I first read about Girl Groups in Creem because it's always been the sentimental soft spot for any number of hipsters from Lester Bangs to David Johanson to Morrissey to Brian Wilson.
Well before glam there was something transgressive about all the guys who identified with tough, streetwise girl group songs. From the Shangs to the Ronettes, they were the "Bad Girls" the Dolls were certainly singing about.

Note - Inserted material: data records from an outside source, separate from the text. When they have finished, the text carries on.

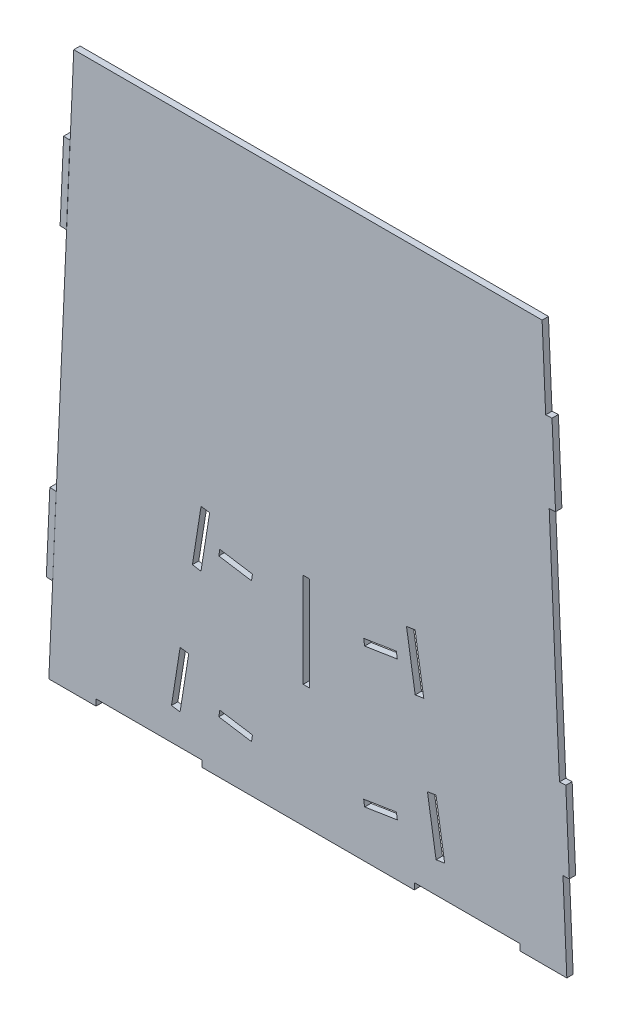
ISO-10303-21;
HEADER;
FILE_DESCRIPTION(('STEP AP214'),'2;1');
FILE_NAME('part.step','',(''),(''),'','','');
FILE_SCHEMA(('AUTOMOTIVE_DESIGN { 1 0 10303 214 1 1 1 1 }'));
ENDSEC;
DATA;
#1=APPLICATION_CONTEXT('core data for automotive mechanical design processes');
#2=APPLICATION_PROTOCOL_DEFINITION('international standard','automotive_design',2000,#1);
#3=PRODUCT_CONTEXT('',#1,'mechanical');
#4=PRODUCT('Part','Part','',(#3));
#5=PRODUCT_RELATED_PRODUCT_CATEGORY('part','',(#4));
#6=PRODUCT_DEFINITION_FORMATION('','',#4);
#7=PRODUCT_DEFINITION_CONTEXT('part definition',#1,'design');
#8=PRODUCT_DEFINITION('design','',#6,#7);
#9=PRODUCT_DEFINITION_SHAPE('','',#8);
#10=(LENGTH_UNIT() NAMED_UNIT(*) SI_UNIT(.MILLI.,.METRE.));
#11=(NAMED_UNIT(*) PLANE_ANGLE_UNIT() SI_UNIT($,.RADIAN.));
#12=(NAMED_UNIT(*) SI_UNIT($,.STERADIAN.) SOLID_ANGLE_UNIT());
#13=UNCERTAINTY_MEASURE_WITH_UNIT(LENGTH_MEASURE(1.E-05),#10,'distance_accuracy_value','');
#14=(GEOMETRIC_REPRESENTATION_CONTEXT(3) GLOBAL_UNCERTAINTY_ASSIGNED_CONTEXT((#13)) GLOBAL_UNIT_ASSIGNED_CONTEXT((#10,
#11,#12)) REPRESENTATION_CONTEXT('',''));
#15=CARTESIAN_POINT('',(0.,0.,0.));
#16=DIRECTION('',(0.,0.,1.));
#17=DIRECTION('',(1.,0.,0.));
#18=AXIS2_PLACEMENT_3D('',#15,#16,#17);
#19=CARTESIAN_POINT('',(-57.8739815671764,82.1443334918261,0.));
#20=DIRECTION('',(-0.0443029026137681,-0.999018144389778,0.));
#21=DIRECTION('',(0.999018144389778,-0.0443029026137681,0.));
#22=AXIS2_PLACEMENT_3D('',#19,#20,#21);
#23=PLANE('',#22);
#24=DIRECTION('',(0.999018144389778,-0.0443029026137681,0.));
#25=VECTOR('',#24,1.);
#26=CARTESIAN_POINT('',(-57.8739815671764,82.1443334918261,1.524));
#27=LINE('',#26,#25);
#28=CARTESIAN_POINT('',(-59.3964852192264,82.2118511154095,1.524));
#29=VERTEX_POINT('',#28);
#30=CARTESIAN_POINT('',(-57.8739815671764,82.1443334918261,1.524));
#31=VERTEX_POINT('',#30);
#32=EDGE_CURVE('E111',#29,#31,#27,.T.);
#33=ORIENTED_EDGE('',*,*,#32,.F.);
#34=DIRECTION('',(0.,0.,1.));
#35=VECTOR('',#34,1.);
#36=CARTESIAN_POINT('',(-59.3964852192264,82.2118511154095,0.));
#37=LINE('',#36,#35);
#38=CARTESIAN_POINT('',(-59.3964852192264,82.2118511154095,0.));
#39=VERTEX_POINT('',#38);
#40=EDGE_CURVE('E12',#39,#29,#37,.T.);
#41=ORIENTED_EDGE('',*,*,#40,.F.);
#42=DIRECTION('',(0.999018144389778,-0.0443029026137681,0.));
#43=VECTOR('',#42,1.);
#44=CARTESIAN_POINT('',(-57.8739815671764,82.1443334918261,0.));
#45=LINE('',#44,#43);
#46=CARTESIAN_POINT('',(-57.8739815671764,82.1443334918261,0.));
#47=VERTEX_POINT('',#46);
#48=EDGE_CURVE('E105',#39,#47,#45,.T.);
#49=ORIENTED_EDGE('',*,*,#48,.T.);
#50=DIRECTION('',(0.,0.,1.));
#51=VECTOR('',#50,1.);
#52=CARTESIAN_POINT('',(-57.8739815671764,82.1443334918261,0.));
#53=LINE('',#52,#51);
#54=EDGE_CURVE('E50',#47,#31,#53,.T.);
#55=ORIENTED_EDGE('',*,*,#54,.T.);
#56=EDGE_LOOP('',(#33,#41,#49,#55));
#57=FACE_BOUND('',#56,.T.);
#58=ADVANCED_FACE('F47',(#57),#23,.T.);
#59=CARTESIAN_POINT('',(-59.3964852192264,82.2118511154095,0.));
#60=DIRECTION('',(-0.999018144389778,0.0443029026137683,0.));
#61=DIRECTION('',(-0.0443029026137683,-0.999018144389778,0.));
#62=AXIS2_PLACEMENT_3D('',#59,#60,#61);
#63=PLANE('',#62);
#64=DIRECTION('',(-0.0443029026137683,-0.999018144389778,0.));
#65=VECTOR('',#64,1.);
#66=CARTESIAN_POINT('',(-59.3964852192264,82.2118511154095,1.524));
#67=LINE('',#66,#65);
#68=CARTESIAN_POINT('',(-58.5525149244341,101.243146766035,1.524));
#69=VERTEX_POINT('',#68);
#70=EDGE_CURVE('E107',#69,#29,#67,.T.);
#71=ORIENTED_EDGE('',*,*,#70,.F.);
#72=DIRECTION('',(0.,0.,1.));
#73=VECTOR('',#72,1.);
#74=CARTESIAN_POINT('',(-58.5525149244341,101.243146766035,0.));
#75=LINE('',#74,#73);
#76=CARTESIAN_POINT('',(-58.5525149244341,101.243146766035,0.));
#77=VERTEX_POINT('',#76);
#78=EDGE_CURVE('E56',#77,#69,#75,.T.);
#79=ORIENTED_EDGE('',*,*,#78,.F.);
#80=DIRECTION('',(-0.0443029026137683,-0.999018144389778,0.));
#81=VECTOR('',#80,1.);
#82=CARTESIAN_POINT('',(-59.3964852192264,82.2118511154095,0.));
#83=LINE('',#82,#81);
#84=EDGE_CURVE('E102',#77,#39,#83,.T.);
#85=ORIENTED_EDGE('',*,*,#84,.T.);
#86=ORIENTED_EDGE('',*,*,#40,.T.);
#87=EDGE_LOOP('',(#71,#79,#85,#86));
#88=FACE_BOUND('',#87,.T.);
#89=ADVANCED_FACE('F121',(#88),#63,.T.);
#90=CARTESIAN_POINT('',(-57.0300112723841,101.175629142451,0.));
#91=DIRECTION('',(0.0443029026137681,0.999018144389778,0.));
#92=DIRECTION('',(-0.999018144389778,0.0443029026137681,0.));
#93=AXIS2_PLACEMENT_3D('',#90,#91,#92);
#94=PLANE('',#93);
#95=DIRECTION('',(-0.999018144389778,0.0443029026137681,0.));
#96=VECTOR('',#95,1.);
#97=CARTESIAN_POINT('',(-57.0300112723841,101.175629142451,1.524));
#98=LINE('',#97,#96);
#99=CARTESIAN_POINT('',(-57.0300112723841,101.175629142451,1.524));
#100=VERTEX_POINT('',#99);
#101=EDGE_CURVE('E97',#100,#69,#98,.T.);
#102=ORIENTED_EDGE('',*,*,#101,.F.);
#103=DIRECTION('',(0.,0.,1.));
#104=VECTOR('',#103,1.);
#105=CARTESIAN_POINT('',(-57.0300112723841,101.175629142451,0.));
#106=LINE('',#105,#104);
#107=CARTESIAN_POINT('',(-57.0300112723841,101.175629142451,0.));
#108=VERTEX_POINT('',#107);
#109=EDGE_CURVE('E92',#108,#100,#106,.T.);
#110=ORIENTED_EDGE('',*,*,#109,.F.);
#111=DIRECTION('',(-0.999018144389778,0.0443029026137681,0.));
#112=VECTOR('',#111,1.);
#113=CARTESIAN_POINT('',(-57.0300112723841,101.175629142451,0.));
#114=LINE('',#113,#112);
#115=EDGE_CURVE('E95',#108,#77,#114,.T.);
#116=ORIENTED_EDGE('',*,*,#115,.T.);
#117=ORIENTED_EDGE('',*,*,#78,.T.);
#118=EDGE_LOOP('',(#102,#110,#116,#117));
#119=FACE_BOUND('',#118,.T.);
#120=ADVANCED_FACE('F94',(#119),#94,.T.);
#121=CARTESIAN_POINT('',(-57.8739815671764,82.1443334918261,0.));
#122=DIRECTION('',(0.999018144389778,-0.0443029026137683,0.));
#123=DIRECTION('',(0.0443029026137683,0.999018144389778,0.));
#124=AXIS2_PLACEMENT_3D('',#121,#122,#123);
#125=PLANE('',#124);
#126=DIRECTION('',(0.0443029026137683,0.999018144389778,0.));
#127=VECTOR('',#126,1.);
#128=CARTESIAN_POINT('',(-57.8739815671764,82.1443334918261,1.524));
#129=LINE('',#128,#127);
#130=EDGE_CURVE('E114',#31,#100,#129,.T.);
#131=ORIENTED_EDGE('',*,*,#130,.F.);
#132=ORIENTED_EDGE('',*,*,#54,.F.);
#133=DIRECTION('',(0.0443029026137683,0.999018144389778,0.));
#134=VECTOR('',#133,1.);
#135=CARTESIAN_POINT('',(-57.8739815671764,82.1443334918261,0.));
#136=LINE('',#135,#134);
#137=EDGE_CURVE('E101',#47,#108,#136,.T.);
#138=ORIENTED_EDGE('',*,*,#137,.T.);
#139=ORIENTED_EDGE('',*,*,#109,.T.);
#140=EDGE_LOOP('',(#131,#132,#138,#139));
#141=FACE_BOUND('',#140,.T.);
#142=ADVANCED_FACE('F104',(#141),#125,.T.);
#143=CARTESIAN_POINT('',(0.,0.,0.));
#144=DIRECTION('',(0.,0.,-1.));
#145=DIRECTION('',(-1.,0.,0.));
#146=AXIS2_PLACEMENT_3D('',#143,#144,#145);
#147=PLANE('',#146);
#148=ORIENTED_EDGE('',*,*,#48,.F.);
#149=ORIENTED_EDGE('',*,*,#84,.F.);
#150=ORIENTED_EDGE('',*,*,#115,.F.);
#151=ORIENTED_EDGE('',*,*,#137,.F.);
#152=EDGE_LOOP('',(#148,#149,#150,#151));
#153=FACE_BOUND('',#152,.T.);
#154=ADVANCED_FACE('F100',(#153),#147,.T.);
#155=CARTESIAN_POINT('',(0.,0.,1.524));
#156=DIRECTION('',(0.,0.,-1.));
#157=DIRECTION('',(-1.,0.,0.));
#158=AXIS2_PLACEMENT_3D('',#155,#156,#157);
#159=PLANE('',#158);
#160=ORIENTED_EDGE('',*,*,#32,.T.);
#161=ORIENTED_EDGE('',*,*,#130,.T.);
#162=ORIENTED_EDGE('',*,*,#101,.T.);
#163=ORIENTED_EDGE('',*,*,#70,.T.);
#164=EDGE_LOOP('',(#160,#161,#162,#163));
#165=FACE_BOUND('',#164,.T.);
#166=ADVANCED_FACE('F120',(#165),#159,.F.);
#167=CLOSED_SHELL('',(#58,#89,#120,#142,#154,#166));
#168=MANIFOLD_SOLID_BREP('B2',#167);
#169=CARTESIAN_POINT('',(-61.1821890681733,7.54517352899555,0.));
#170=DIRECTION('',(-0.0443029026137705,-0.999018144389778,0.));
#171=DIRECTION('',(0.999018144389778,-0.0443029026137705,0.));
#172=AXIS2_PLACEMENT_3D('',#169,#170,#171);
#173=PLANE('',#172);
#174=DIRECTION('',(0.999018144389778,-0.0443029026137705,0.));
#175=VECTOR('',#174,1.);
#176=CARTESIAN_POINT('',(-61.1821890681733,7.54517352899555,1.524));
#177=LINE('',#176,#175);
#178=CARTESIAN_POINT('',(-62.7046927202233,7.61269115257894,1.524));
#179=VERTEX_POINT('',#178);
#180=CARTESIAN_POINT('',(-61.1821890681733,7.54517352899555,1.524));
#181=VERTEX_POINT('',#180);
#182=EDGE_CURVE('E243',#179,#181,#177,.T.);
#183=ORIENTED_EDGE('',*,*,#182,.F.);
#184=DIRECTION('',(0.,0.,1.));
#185=VECTOR('',#184,1.);
#186=CARTESIAN_POINT('',(-62.7046927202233,7.61269115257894,0.));
#187=LINE('',#186,#185);
#188=CARTESIAN_POINT('',(-62.7046927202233,7.61269115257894,0.));
#189=VERTEX_POINT('',#188);
#190=EDGE_CURVE('E45',#189,#179,#187,.T.);
#191=ORIENTED_EDGE('',*,*,#190,.F.);
#192=DIRECTION('',(0.999018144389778,-0.0443029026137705,0.));
#193=VECTOR('',#192,1.);
#194=CARTESIAN_POINT('',(-61.1821890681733,7.54517352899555,0.));
#195=LINE('',#194,#193);
#196=CARTESIAN_POINT('',(-61.1821890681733,7.54517352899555,0.));
#197=VERTEX_POINT('',#196);
#198=EDGE_CURVE('E237',#189,#197,#195,.T.);
#199=ORIENTED_EDGE('',*,*,#198,.T.);
#200=DIRECTION('',(0.,0.,1.));
#201=VECTOR('',#200,1.);
#202=CARTESIAN_POINT('',(-61.1821890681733,7.54517352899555,0.));
#203=LINE('',#202,#201);
#204=EDGE_CURVE('E182',#197,#181,#203,.T.);
#205=ORIENTED_EDGE('',*,*,#204,.T.);
#206=EDGE_LOOP('',(#183,#191,#199,#205));
#207=FACE_BOUND('',#206,.T.);
#208=ADVANCED_FACE('F179',(#207),#173,.T.);
#209=CARTESIAN_POINT('',(-62.7046927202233,7.61269115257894,0.));
#210=DIRECTION('',(-0.999018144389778,0.0443029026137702,0.));
#211=DIRECTION('',(-0.0443029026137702,-0.999018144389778,0.));
#212=AXIS2_PLACEMENT_3D('',#209,#210,#211);
#213=PLANE('',#212);
#214=DIRECTION('',(-0.0443029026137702,-0.999018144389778,0.));
#215=VECTOR('',#214,1.);
#216=CARTESIAN_POINT('',(-62.7046927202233,7.61269115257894,1.524));
#217=LINE('',#216,#215);
#218=CARTESIAN_POINT('',(-61.860722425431,26.6439868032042,1.524));
#219=VERTEX_POINT('',#218);
#220=EDGE_CURVE('E239',#219,#179,#217,.T.);
#221=ORIENTED_EDGE('',*,*,#220,.F.);
#222=DIRECTION('',(0.,0.,1.));
#223=VECTOR('',#222,1.);
#224=CARTESIAN_POINT('',(-61.860722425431,26.6439868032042,0.));
#225=LINE('',#224,#223);
#226=CARTESIAN_POINT('',(-61.860722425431,26.6439868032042,0.));
#227=VERTEX_POINT('',#226);
#228=EDGE_CURVE('E188',#227,#219,#225,.T.);
#229=ORIENTED_EDGE('',*,*,#228,.F.);
#230=DIRECTION('',(-0.0443029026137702,-0.999018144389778,0.));
#231=VECTOR('',#230,1.);
#232=CARTESIAN_POINT('',(-62.7046927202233,7.61269115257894,0.));
#233=LINE('',#232,#231);
#234=EDGE_CURVE('E234',#227,#189,#233,.T.);
#235=ORIENTED_EDGE('',*,*,#234,.T.);
#236=ORIENTED_EDGE('',*,*,#190,.T.);
#237=EDGE_LOOP('',(#221,#229,#235,#236));
#238=FACE_BOUND('',#237,.T.);
#239=ADVANCED_FACE('F253',(#238),#213,.T.);
#240=CARTESIAN_POINT('',(-60.338218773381,26.5764691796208,0.));
#241=DIRECTION('',(0.0443029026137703,0.999018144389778,0.));
#242=DIRECTION('',(-0.999018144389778,0.0443029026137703,0.));
#243=AXIS2_PLACEMENT_3D('',#240,#241,#242);
#244=PLANE('',#243);
#245=DIRECTION('',(-0.999018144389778,0.0443029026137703,0.));
#246=VECTOR('',#245,1.);
#247=CARTESIAN_POINT('',(-60.338218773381,26.5764691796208,1.524));
#248=LINE('',#247,#246);
#249=CARTESIAN_POINT('',(-60.338218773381,26.5764691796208,1.524));
#250=VERTEX_POINT('',#249);
#251=EDGE_CURVE('E229',#250,#219,#248,.T.);
#252=ORIENTED_EDGE('',*,*,#251,.F.);
#253=DIRECTION('',(0.,0.,1.));
#254=VECTOR('',#253,1.);
#255=CARTESIAN_POINT('',(-60.338218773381,26.5764691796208,0.));
#256=LINE('',#255,#254);
#257=CARTESIAN_POINT('',(-60.338218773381,26.5764691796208,0.));
#258=VERTEX_POINT('',#257);
#259=EDGE_CURVE('E224',#258,#250,#256,.T.);
#260=ORIENTED_EDGE('',*,*,#259,.F.);
#261=DIRECTION('',(-0.999018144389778,0.0443029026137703,0.));
#262=VECTOR('',#261,1.);
#263=CARTESIAN_POINT('',(-60.338218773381,26.5764691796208,0.));
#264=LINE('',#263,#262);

"He's a Rebel" was not only the kickstart to the whole Girl Group era but also very memorably used in Kenneth Anger's movie
Scorpio Rising,
where it's appropriated to back an old silent of Jesus entering Jerusalem. (You've all seen
Scorpio Rising
right? A key avant-garde film and also one of the great pop subversive acts as it chronicled gay leather biker clubs.)
*************
Song Review by Richie Unterberger
Producer Phil Spector had had a fair amount of success already in the early '60s before the Crystals issued "He's a Rebel" in 1962. "He's a Rebel," though, was the record that elevated Spector from one of many middling hitmakers into an industry phenomenon, also blueprinting the "Wall of Sound" for which he's been lauded. The record, oddly enough for a girl-group classic that was (naturally) sung by women, was written by a male star, Gene Pitney, who himself was not noted as a prolific composer. Spector heard the song on a demo and went to town on the production, making an already-strong pop/rock song into an anthem. The track begins with a dramatic drum roll, the brief instrumental intro establishing an almost martial beat, embellished by layers of percussion and tinkling piano. As has since been revealed, as on many Crystals tracks, the vocalists were not the Crystals, and the lead singer was non- Crystal Darlene Love. On "He's a Rebel," Love sang a tough, soulful, streetwise lyric guaranteed for youth appeal: the guy who marches to his own beat, and the girl who loves him all the more for it. Her low vocals were seconded by strong, full soul backup vocals by the Blossoms. The arrangement was unusually dense for the period, with two bass players and two guitarists. The song really took off, though, when it dramatically jumped to a higher key for the chorus, remaining in that key, in fact, for the rest of the track. The chorus, with its loving defiance, was instantly memorable, particularly when the backup largely dropped out for Love to sing, largely on her own, stirring lines in which she asserted that just because he didn't do what everyone else did, that wasn't any reason why the couple couldn't share love. That was the cue for the band to re-enter full-on for a stirring ensemble vocal finish to the chorus, and then for Steve Douglas to take over with a sax solo. "He's a Rebel" actually doesn't have the strings that were found in many a Spector production, but the sound was rich and full, and the single an enormous success, reaching number one. There was brief concern that sales of the Crystals' "He's a Rebel" single might suffer from a simultaneous cover version by Vicki Carr, whose arrangement was actually not dissimilar, though it was stiffer and employed strings. - by Richie Unterberger
******
Richie Unterberger, incidentally, has written two books on cult musicians and the definitive (two volume) chronicle of Folk Rock. Also he came to my first Bubblegum reading at Booksmith.